(imagem trazida do site: http://clebersa.com.br/causos-reais/cacamos-ou-fomos-cacados-parte-2/)
CAMBYÇARA – Aquele que alimenta
Suzana da Cunha Lima
A tribo Kalapalo situava-se perto do Rio Xingu e por essa razão, as ocas
ficavam em cima de palafitas rústicas, devido às cheias do rio. Nesta ocasião,
os homens da aldeia tinham saído há várias luas para caçar, pois já faltava
comida para as crianças e velhos que tinham ficado. Cauã era o
único filho homem de sua família e começou a ficar apreensivo. Ele
sentia-se responsável por eles. Assim, foi até o pajé Juruna e pediu
autorização para levar a canoa ao rio, numa tentativa de trazer peixes para sua
comunidade. O pajé olhou pensativo para aquele curumim valente, de apenas
dez anos, e deu sua autorização com o coração apertado. O rio era muito bom e
piscoso, mas também caprichoso, com fortes correntes que levavam, às vezes, as
embarcações para longe, ou para as corredeiras ou para igarapés distantes, onde
facilmente, mesmo um pescador experiente, poderia se perder para sempre. Os
poucos guerreiros que sabiam de suas manhas estavam todos fora, tentando
trazer comida para a tribo.
Cauá pegou a linha de pesca e o saburá onde colocou as minhocas.
Antes de embarcar, suplicou à mãe das águas que o guiasse para bons pesqueiros
e o trouxesse de volta antes de Jaci, a lua, chegar aos céus, porque nunca
havia entrado sozinho naquele rio.
Porém, mal entrou na água, sentiu ser puxado com força para o meio do
rio. Ele mal conseguia se manter dentro da canoa, que parecia voar naquelas
águas turbulentas. Já podia ouvir o rugir das perigosas corredeiras adiante.
Parecia que Itupiara, o deus raivoso das águas, não o queria ali. Que destino
sem glória para um futuro guerreiro Kalapalo!. Quando achou que tudo estava
perdido, subitamente a canoa estacou, como se algo a fizesse parar e o menino
viu à sua frente, a mãe das águas, Iara, lindamente vestida com folhas e flores
que nascem à beira dos rios.

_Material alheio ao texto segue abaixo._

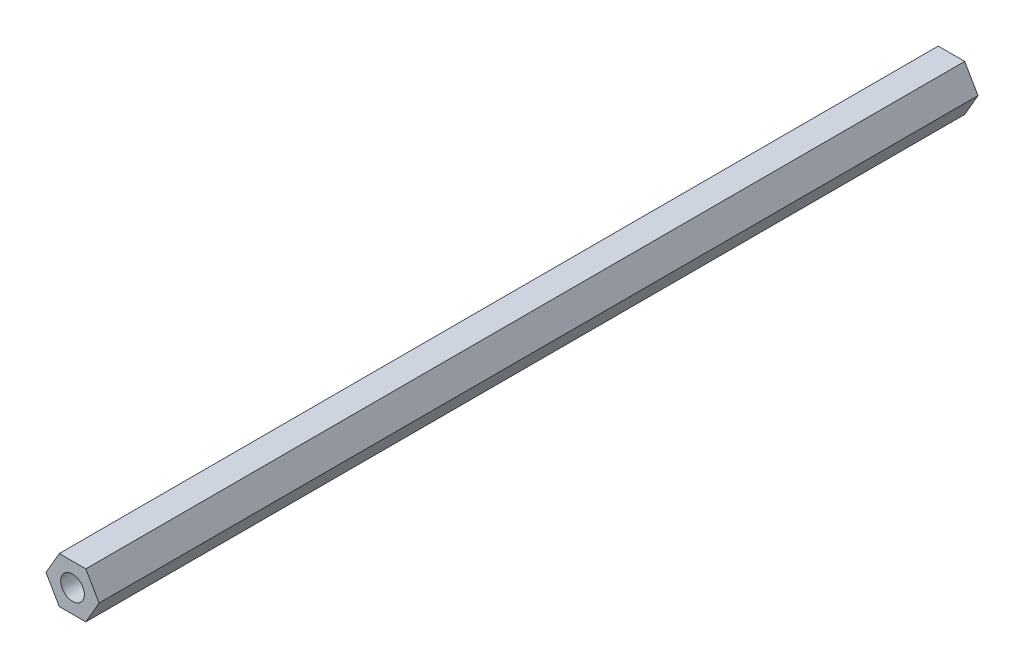
ISO-10303-21;
HEADER;
FILE_DESCRIPTION(('STEP AP214'),'2;1');
FILE_NAME('part.step','',(''),(''),'','','');
FILE_SCHEMA(('AUTOMOTIVE_DESIGN { 1 0 10303 214 1 1 1 1 }'));
ENDSEC;
DATA;
#1=APPLICATION_CONTEXT('core data for automotive mechanical design processes');
#2=APPLICATION_PROTOCOL_DEFINITION('international standard','automotive_design',2000,#1);
#3=PRODUCT_CONTEXT('',#1,'mechanical');
#4=PRODUCT('Part','Part','',(#3));
#5=PRODUCT_RELATED_PRODUCT_CATEGORY('part','',(#4));
#6=PRODUCT_DEFINITION_FORMATION('','',#4);
#7=PRODUCT_DEFINITION_CONTEXT('part definition',#1,'design');
#8=PRODUCT_DEFINITION('design','',#6,#7);
#9=PRODUCT_DEFINITION_SHAPE('','',#8);
#10=(LENGTH_UNIT() NAMED_UNIT(*) SI_UNIT(.MILLI.,.METRE.));
#11=(NAMED_UNIT(*) PLANE_ANGLE_UNIT() SI_UNIT($,.RADIAN.));
#12=(NAMED_UNIT(*) SI_UNIT($,.STERADIAN.) SOLID_ANGLE_UNIT());
#13=UNCERTAINTY_MEASURE_WITH_UNIT(LENGTH_MEASURE(1.E-05),#10,'distance_accuracy_value','');
#14=(GEOMETRIC_REPRESENTATION_CONTEXT(3) GLOBAL_UNCERTAINTY_ASSIGNED_CONTEXT((#13)) GLOBAL_UNIT_ASSIGNED_CONTEXT((#10,
#11,#12)) REPRESENTATION_CONTEXT('',''));
#15=CARTESIAN_POINT('',(0.,0.,0.));
#16=DIRECTION('',(0.,0.,1.));
#17=DIRECTION('',(1.,0.,0.));
#18=AXIS2_PLACEMENT_3D('',#15,#16,#17);
#19=CARTESIAN_POINT('',(0.,0.,242.824));
#20=DIRECTION('',(0.,0.,1.));
#21=DIRECTION('',(1.,0.,0.));
#22=AXIS2_PLACEMENT_3D('',#19,#20,#21);
#23=PLANE('',#22);
#24=DIRECTION('',(-0.499999999999995,-0.866025403784442,0.));
#25=VECTOR('',#24,1.);
#26=CARTESIAN_POINT('',(-3.6661742093542,6.34999999999996,242.824));
#27=LINE('',#26,#25);
#28=CARTESIAN_POINT('',(-3.6661742093542,6.34999999999996,242.824));
#29=VERTEX_POINT('',#28);
#30=CARTESIAN_POINT('',(-7.33234841870825,0.,242.824));
#31=VERTEX_POINT('',#30);
#32=EDGE_CURVE('E128',#29,#31,#27,.T.);
#33=ORIENTED_EDGE('',*,*,#32,.T.);
#34=DIRECTION('',(0.500000000000001,-0.866025403784438,0.));
#35=VECTOR('',#34,1.);
#36=CARTESIAN_POINT('',(-7.33234841870825,0.,242.824));
#37=LINE('',#36,#35);
#38=CARTESIAN_POINT('',(-3.66617420935411,-6.35000000000001,242.824));
#39=VERTEX_POINT('',#38);
#40=EDGE_CURVE('E86',#31,#39,#37,.T.);
#41=ORIENTED_EDGE('',*,*,#40,.T.);
#42=DIRECTION('',(1.,0.,0.));
#43=VECTOR('',#42,1.);
#44=CARTESIAN_POINT('',(-3.66617420935411,-6.35000000000001,242.824));
#45=LINE('',#44,#43);
#46=CARTESIAN_POINT('',(3.66617420935415,-6.34999999999998,242.824));
#47=VERTEX_POINT('',#46);
#48=EDGE_CURVE('E99',#39,#47,#45,.T.);
#49=ORIENTED_EDGE('',*,*,#48,.T.);
#50=DIRECTION('',(0.499999999999995,0.866025403784442,0.));
#51=VECTOR('',#50,1.);
#52=CARTESIAN_POINT('',(3.66617420935415,-6.34999999999998,242.824));
#53=LINE('',#52,#51);
#54=CARTESIAN_POINT('',(7.33234841870825,0.,242.824));
#55=VERTEX_POINT('',#54);
#56=EDGE_CURVE('E93',#47,#55,#53,.T.);
#57=ORIENTED_EDGE('',*,*,#56,.T.);
#58=DIRECTION('',(-0.500000000000007,0.866025403784434,0.));
#59=VECTOR('',#58,1.);
#60=CARTESIAN_POINT('',(7.33234841870825,0.,242.824));
#61=LINE('',#60,#59);
#62=CARTESIAN_POINT('',(3.66617420935407,6.35000000000003,242.824));
#63=VERTEX_POINT('',#62);
#64=EDGE_CURVE('E97',#55,#63,#61,.T.);
#65=ORIENTED_EDGE('',*,*,#64,.T.);
#66=DIRECTION('',(-1.,0.,0.));
#67=VECTOR('',#66,1.);
#68=CARTESIAN_POINT('',(3.66617420935407,6.35000000000003,242.824));
#69=LINE('',#68,#67);
#70=EDGE_CURVE('E49',#63,#29,#69,.T.);
#71=ORIENTED_EDGE('',*,*,#70,.T.);
#72=EDGE_LOOP('',(#33,#41,#49,#57,#65,#71));
#73=FACE_BOUND('',#72,.T.);
#74=CARTESIAN_POINT('',(0.,0.,242.824));
#75=DIRECTION('',(0.,0.,1.));
#76=DIRECTION('',(1.,0.,0.));
#77=AXIS2_PLACEMENT_3D('',#74,#75,#76);
#78=CIRCLE('',#77,3.2639);
#79=CARTESIAN_POINT('',(3.2639,0.,242.824));
#80=VERTEX_POINT('',#79);
#81=EDGE_CURVE('E121',#80,#80,#78,.T.);
#82=ORIENTED_EDGE('',*,*,#81,.F.);
#83=EDGE_LOOP('',(#82));
#84=FACE_BOUND('',#83,.T.);
#85=ADVANCED_FACE('F32',(#73,#84),#23,.T.);
#86=CARTESIAN_POINT('',(0.,0.,0.));
#87=DIRECTION('',(0.,0.,1.));
#88=DIRECTION('',(1.,0.,0.));
#89=AXIS2_PLACEMENT_3D('',#86,#87,#88);
#90=PLANE('',#89);
#91=DIRECTION('',(-0.499999999999995,-0.866025403784442,0.));
#92=VECTOR('',#91,1.);
#93=CARTESIAN_POINT('',(-3.6661742093542,6.34999999999996,0.));
#94=LINE('',#93,#92);
#95=CARTESIAN_POINT('',(-3.6661742093542,6.34999999999996,0.));
#96=VERTEX_POINT('',#95);
#97=CARTESIAN_POINT('',(-7.33234841870825,0.,0.));
#98=VERTEX_POINT('',#97);
#99=EDGE_CURVE('E117',#96,#98,#94,.T.);
#100=ORIENTED_EDGE('',*,*,#99,.F.);
#101=DIRECTION('',(-1.,0.,0.));
#102=VECTOR('',#101,1.);
#103=CARTESIAN_POINT('',(3.66617420935407,6.35000000000003,0.));
#104=LINE('',#103,#102);
#105=CARTESIAN_POINT('',(3.66617420935407,6.35000000000003,0.));
#106=VERTEX_POINT('',#105);
#107=EDGE_CURVE('E78',#106,#96,#104,.T.);
#108=ORIENTED_EDGE('',*,*,#107,.F.);
#109=DIRECTION('',(-0.500000000000007,0.866025403784434,0.));
#110=VECTOR('',#109,1.);
#111=CARTESIAN_POINT('',(7.33234841870825,0.,0.));
#112=LINE('',#111,#110);
#113=CARTESIAN_POINT('',(7.33234841870825,0.,0.));
#114=VERTEX_POINT('',#113);
#115=EDGE_CURVE('E72',#114,#106,#112,.T.);
#116=ORIENTED_EDGE('',*,*,#115,.F.);
#117=DIRECTION('',(0.499999999999995,0.866025403784442,0.));
#118=VECTOR('',#117,1.);
#119=CARTESIAN_POINT('',(3.66617420935415,-6.34999999999998,0.));
#120=LINE('',#119,#118);
#121=CARTESIAN_POINT('',(3.66617420935415,-6.34999999999998,0.));
#122=VERTEX_POINT('',#121);
#123=EDGE_CURVE('E107',#122,#114,#120,.T.);
#124=ORIENTED_EDGE('',*,*,#123,.F.);
#125=DIRECTION('',(1.,0.,0.));
#126=VECTOR('',#125,1.);
#127=CARTESIAN_POINT('',(-3.66617420935411,-6.35000000000001,0.));
#128=LINE('',#127,#126);
#129=CARTESIAN_POINT('',(-3.66617420935411,-6.35000000000001,0.));
#130=VERTEX_POINT('',#129);
#131=EDGE_CURVE('E123',#130,#122,#128,.T.);
#132=ORIENTED_EDGE('',*,*,#131,.F.);
#133=DIRECTION('',(0.500000000000001,-0.866025403784438,0.));
#134=VECTOR('',#133,1.);
#135=CARTESIAN_POINT('',(-7.33234841870825,0.,0.));
#136=LINE('',#135,#134);
#137=EDGE_CURVE('E120',#98,#130,#136,.T.);
#138=ORIENTED_EDGE('',*,*,#137,.F.);
#139=EDGE_LOOP('',(#100,#108,#116,#124,#132,#138));
#140=FACE_BOUND('',#139,.T.);
#141=CARTESIAN_POINT('',(0.,0.,0.));
#142=DIRECTION('',(0.,0.,1.));
#143=DIRECTION('',(1.,0.,0.));
#144=AXIS2_PLACEMENT_3D('',#141,#142,#143);
#145=CIRCLE('',#144,3.2639);
#146=CARTESIAN_POINT('',(3.2639,0.,0.));
#147=VERTEX_POINT('',#146);
#148=EDGE_CURVE('E221',#147,#147,#145,.T.);
#149=ORIENTED_EDGE('',*,*,#148,.T.);
#150=EDGE_LOOP('',(#149));
#151=FACE_BOUND('',#150,.T.);
#152=ADVANCED_FACE('F137',(#140,#151),#90,.F.);
#153=CARTESIAN_POINT('',(-3.6661742093542,6.34999999999996,242.824));
#154=DIRECTION('',(0.866025403784441,-0.499999999999995,0.));
#155=DIRECTION('',(0.499999999999995,0.866025403784442,0.));
#156=AXIS2_PLACEMENT_3D('',#153,#154,#155);
#157=PLANE('',#156);
#158=ORIENTED_EDGE('',*,*,#99,.T.);
#159=DIRECTION('',(0.,0.,-1.));
#160=VECTOR('',#159,1.);
#161=CARTESIAN_POINT('',(-7.33234841870825,0.,242.824));
#162=LINE('',#161,#160);
#163=EDGE_CURVE('E11',#31,#98,#162,.T.);
#164=ORIENTED_EDGE('',*,*,#163,.F.);
#165=ORIENTED_EDGE('',*,*,#32,.F.);
#166=DIRECTION('',(0.,0.,-1.));
#167=VECTOR('',#166,1.);
#168=CARTESIAN_POINT('',(-3.6661742093542,6.34999999999996,242.824));
#169=LINE('',#168,#167);
#170=EDGE_CURVE('E113',#29,#96,#169,.T.);
#171=ORIENTED_EDGE('',*,*,#170,.T.);
#172=EDGE_LOOP('',(#158,#164,#165,#171));
#173=FACE_BOUND('',#172,.T.);
#174=ADVANCED_FACE('F34',(#173),#157,.F.);
#175=CARTESIAN_POINT('',(-7.33234841870825,0.,242.824));
#176=DIRECTION('',(0.866025403784438,0.500000000000001,0.));
#177=DIRECTION('',(-0.500000000000001,0.866025403784438,0.));
#178=AXIS2_PLACEMENT_3D('',#175,#176,#177);
#179=PLANE('',#178);
#180=ORIENTED_EDGE('',*,*,#137,.T.);
#181=DIRECTION('',(0.,0.,-1.));
#182=VECTOR('',#181,1.);
#183=CARTESIAN_POINT('',(-3.66617420935411,-6.35000000000001,242.824));
#184=LINE('',#183,#182);
#185=EDGE_CURVE('E41',#39,#130,#184,.T.);
#186=ORIENTED_EDGE('',*,*,#185,.F.);
#187=ORIENTED_EDGE('',*,*,#40,.F.);
#188=ORIENTED_EDGE('',*,*,#163,.T.);
#189=EDGE_LOOP('',(#180,#186,#187,#188));
#190=FACE_BOUND('',#189,.T.);
#191=ADVANCED_FACE('F162',(#190),#179,.F.);
#192=CARTESIAN_POINT('',(-3.66617420935411,-6.35000000000001,242.824));
#193=DIRECTION('',(0.,1.,0.));
#194=DIRECTION('',(-1.,0.,0.));
#195=AXIS2_PLACEMENT_3D('',#192,#193,#194);
#196=PLANE('',#195);
#197=ORIENTED_EDGE('',*,*,#131,.T.);
#198=DIRECTION('',(0.,0.,-1.));
#199=VECTOR('',#198,1.);
#200=CARTESIAN_POINT('',(3.66617420935415,-6.34999999999998,242.824));
#201=LINE('',#200,#199);
#202=EDGE_CURVE('E108',#47,#122,#201,.T.);
#203=ORIENTED_EDGE('',*,*,#202,.F.);
#204=ORIENTED_EDGE('',*,*,#48,.F.);
#205=ORIENTED_EDGE('',*,*,#185,.T.);
#206=EDGE_LOOP('',(#197,#203,#204,#205));
#207=FACE_BOUND('',#206,.T.);
#208=ADVANCED_FACE('F134',(#207),#196,.F.);
#209=CARTESIAN_POINT('',(3.66617420935415,-6.34999999999998,242.824));
#210=DIRECTION('',(-0.866025403784441,0.499999999999995,0.));
#211=DIRECTION('',(-0.499999999999995,-0.866025403784442,0.));
#212=AXIS2_PLACEMENT_3D('',#209,#210,#211);
#213=PLANE('',#212);
#214=ORIENTED_EDGE('',*,*,#123,.T.);
#215=DIRECTION('',(0.,0.,-1.));
#216=VECTOR('',#215,1.);
#217=CARTESIAN_POINT('',(7.33234841870825,0.,242.824));
#218=LINE('',#217,#216);
#219=EDGE_CURVE('E104',#55,#114,#218,.T.);
#220=ORIENTED_EDGE('',*,*,#219,.F.);
#221=ORIENTED_EDGE('',*,*,#56,.F.);
#222=ORIENTED_EDGE('',*,*,#202,.T.);
#223=EDGE_LOOP('',(#214,#220,#221,#222));
#224=FACE_BOUND('',#223,.T.);
#225=ADVANCED_FACE('F105',(#224),#213,.F.);
#226=CARTESIAN_POINT('',(7.33234841870825,0.,242.824));
#227=DIRECTION('',(-0.866025403784434,-0.500000000000007,0.));
#228=DIRECTION('',(0.500000000000007,-0.866025403784435,0.));
#229=AXIS2_PLACEMENT_3D('',#226,#227,#228);
#230=PLANE('',#229);
#231=ORIENTED_EDGE('',*,*,#115,.T.);
#232=DIRECTION('',(0.,0.,-1.));
#233=VECTOR('',#232,1.);
#234=CARTESIAN_POINT('',(3.66617420935407,6.35000000000003,242.824));
#235=LINE('',#234,#233);
#236=EDGE_CURVE('E109',#63,#106,#235,.T.);
#237=ORIENTED_EDGE('',*,*,#236,.F.);
#238=ORIENTED_EDGE('',*,*,#64,.F.);
#239=ORIENTED_EDGE('',*,*,#219,.T.);
#240=EDGE_LOOP('',(#231,#237,#238,#239));
#241=FACE_BOUND('',#240,.T.);
#242=ADVANCED_FACE('F111',(#241),#230,.F.);
#243=CARTESIAN_POINT('',(3.66617420935407,6.35000000000003,242.824));
#244=DIRECTION('',(0.,-1.,0.));
#245=DIRECTION('',(1.,0.,0.));
#246=AXIS2_PLACEMENT_3D('',#243,#244,#245);
#247=PLANE('',#246);
#248=ORIENTED_EDGE('',*,*,#107,.T.);
#249=ORIENTED_EDGE('',*,*,#170,.F.);
#250=ORIENTED_EDGE('',*,*,#70,.F.);
#251=ORIENTED_EDGE('',*,*,#236,.T.);
#252=EDGE_LOOP('',(#248,#249,#250,#251));
#253=FACE_BOUND('',#252,.T.);
#254=ADVANCED_FACE('F142',(#253),#247,.F.);
#255=CARTESIAN_POINT('',(0.,0.,242.824));
#256=DIRECTION('',(0.,0.,-1.));
#257=DIRECTION('',(-1.,0.,0.));
#258=AXIS2_PLACEMENT_3D('',#255,#256,#257);
#259=CYLINDRICAL_SURFACE('',#258,3.2639);
#260=ORIENTED_EDGE('',*,*,#81,.T.);
#261=EDGE_LOOP('',(#260));
#262=FACE_BOUND('',#261,.T.);
#263=ORIENTED_EDGE('',*,*,#148,.F.);
#264=EDGE_LOOP('',(#263));
#265=FACE_BOUND('',#264,.T.);
#266=ADVANCED_FACE('F144',(#262,#265),#259,.F.);
#267=CLOSED_SHELL('',(#85,#152,#174,#191,#208,#225,#242,#254,#266));
#268=MANIFOLD_SOLID_BREP('B2',#267);
#269=ADVANCED_BREP_SHAPE_REPRESENTATION('',(#18,#268),#14);
#270=SHAPE_DEFINITION_REPRESENTATION(#9,#269);
ENDSEC;
END-ISO-10303-21;

Ela fez parar a canoa, mesmo naquelas águas
revoltas, com apenas uma mão. Com a outra, fez um sinal para o deus raivoso ir
embora. Naquela hora as águas se acalmaram e ela disse para Cauã, ajoelhado na
canoa e totalmente sem ação:
- Você é bom menino, Cauã. Seu pai, Ajaguanã, guerreiro
forte, é meu protegido. Mas esta parte do rio é de Tapiraçá, que tem olhos de
anta e ele não gosta que cheguem por estas bandas. Volte, eu vou
empurrar esta canoa até chegar de onde saiu. Só retorne quando se tornar homem,
grande guerreiro, como seu pai.
Cauã sentiu a canoa se deslocar e voltar pelo mesmo caminho, como
se uma mão invisível a conduzisse, com suavidade e ligeireza pelas águas já tranquilas.
Ele estava assustado, porém maravilhado pela presença de Iara e grato porque
ela o salvara das corredeiras e de morrer afogado, mas muito triste e com
vergonha porque não tinha conseguido pescar um único peixe. Sentia-se um
imprestável.
Quando ele atracou, no mesmo lugar que saíra, sua família estava toda na
margem, preocupados com ele e o acolheram com muitos abraços alegres
porque ele voltara vivo daquela aventura.
Porém, ao puxar a canoa para terra firme, notaram que ela estava repleta
de peixes. Cauã ficou espantadíssimo. Não sabia como explicar aquilo.
Será que Iara percebera sua aflição e enchera de pesca sua canoa? Estava
atônito. Quando chegaram na tribo, ele foi ovacionado como um rei.
Aqueles peixes alimentaram a tribo até os caçadores chegarem. E este foi
um Dia de Festa. Dançaram e cantaram em volta da fogueira e naquele momento
especial, o cacique Raoni, o grande Chefe, e Juruna, o pajé, lhe deram outro
nome: CAMBYÇARA, aquele que alimenta.